Fleishman Is in Trouble
Page 30
After dinner, Toby was winning his fourth consecutive Uno game against Solly when he got a call from the hospital. It was Clay. Karen Cooper had become unresponsive—she had been talking to her children and suddenly went unconscious. She was headed into a CT scan now.
“Stroke,” he said. “Minimal brain activity.”
Toby rubbed his eyes. “Has Mr. Cooper been told?”
“Dr. Lintz told him.”
Toby pulled on his earlobes. He shouldn’t have taken another day off. He was a few days away from a promotion and he didn’t want to give anyone any reason not to offer it to him. But also, he was Karen Cooper’s doctor, and it was his duty to inform the family. He had problems, but he had to be responsible. He had given them hope. Now it was time to take it away.
He asked Hannah and Solly if they wouldn’t mind him running to the hospital for an hour. “I have a patient who is dying. I have to talk to her family.”
“Why didn’t you stop her from dying?” Solly asked.
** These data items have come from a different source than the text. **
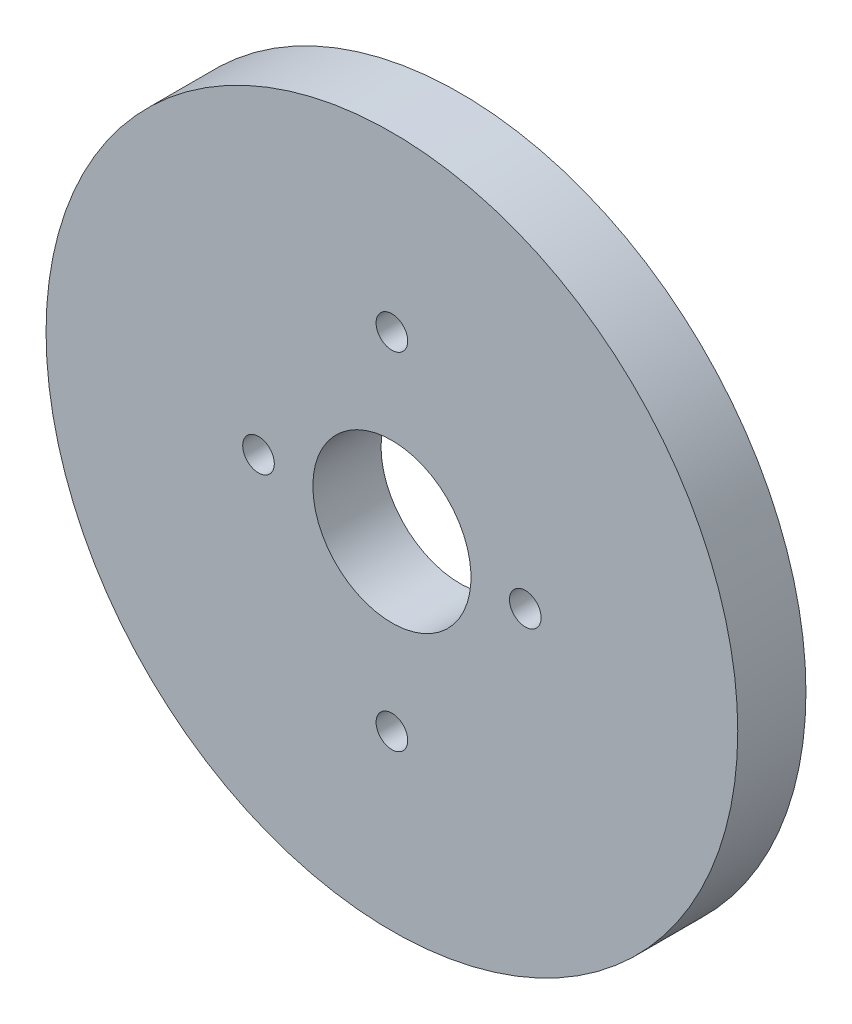
from build123d import *

# Parameters (mm, degrees)
SKETCH1_R           = 17.5
SKETCH1_R_2         = 4
SKETCH1_R_3         = 0.8
BOSS_EXTRUDE1_DEPTH = 3.45


with BuildPart() as part:
    # Sketch1 → Boss-Extrude1 (new body)
    with BuildSketch(Plane.XY):
        with Locations(Location((0, 0, 0), (0, 0, 180))):
            Circle(SKETCH1_R)
        with Locations(Location((0, 0, 0), (0, 0, 180))):
            Circle(SKETCH1_R_2, mode=Mode.SUBTRACT)
        with Locations(Location((6.75, 0, 0), (0, 0, 180))):
            Circle(SKETCH1_R_3, mode=Mode.SUBTRACT)
        with Locations(Location((0, 8.75, 0), (0, 0, 180))):
            Circle(SKETCH1_R_3, mode=Mode.SUBTRACT)
        with Locations(Location((0, -8.75, 0), (0, 0, 180))):
            Circle(SKETCH1_R_3, mode=Mode.SUBTRACT)
        with Locations(Location((-6.75, 0, 0), (0, 0, 180))):
            Circle(SKETCH1_R_3, mode=Mode.SUBTRACT)
    extrude(amount=BOSS_EXTRUDE1_DEPTH)


solid = part.part

“It’s not always up to me.”
Toby combed his hair and left the apartment, but while he waited for the elevator—it was a building with 150 apartments and only had two elevators—Solly came out calling his name.
“What is it?” Toby asked.
“We want to go with you.”
The elevator door opened. He let it close. “Okay, just get ready fast. And bring books.”
When he got to the hospital, Karen’s bed was still empty, but David Cooper was in her room. “What does this mean?” he asked, his hands in his hair. “I thought the surgery worked.”
Toby asked Clay to get Mr. Cooper some water, but he flung his arm to the side to dismiss it and said, “How could this have happened? I thought she was fine.”
Toby told him the surgery had been successful. The encephalopathy was resolved when the liver was removed. The organ had taken. But they suspected that Karen had had a hemorrhagic stroke—a bad one—and that was always a possibility after any surgery. She bled into her brain. It was random. It was one of the many things in medicine that couldn’t be foreseen. She was being taken for a CT scan to confirm. But they didn’t really need to. She hadn’t responded to any of the reflex tests that the resident had administered.
“I’m sorry,” Toby said. “We don’t know a lot yet. But this isn’t looking good.”
“When will we know?”
“In a few hours. Why don’t you go home and have dinner with your children. I’ll call you as soon as we know.”
David looked at the empty bed. “I can’t leave her alone here.”
“You’re not. You’re leaving her with us.”
David needed some time to absorb the things he couldn’t believe. Toby had heard from other doctors who worked with a poorer clientele that less fortunate people are more accepting of these things. Not the rich ones. Rich patients couldn’t believe that money couldn’t help, that their positions and club memberships and status couldn’t help. They couldn’t believe that nobody was coming to save them. But nobody was coming to save them.
David left the room, like Toby suggested, and Toby went to check with radiology. They were right; it was a hemorrhagic stroke. Surgery came in and said there was nothing they could do. The poor woman. She had just come to. She had started talking. It felt like she might have made it through this. They’d watched everything so carefully. Surviving a rare illness only to buy it with something as banal as a surgical stroke—it was like a bad joke. He headed down the hall, but when he turned the corner to the door to the stairwell, he saw David in the hallway, talking to Karen’s friend Amy. He watched as David told her the news and hugged her. David left in the elevator, and Amy just stared at her phone, unsure what to do. She looked up and spotted Toby.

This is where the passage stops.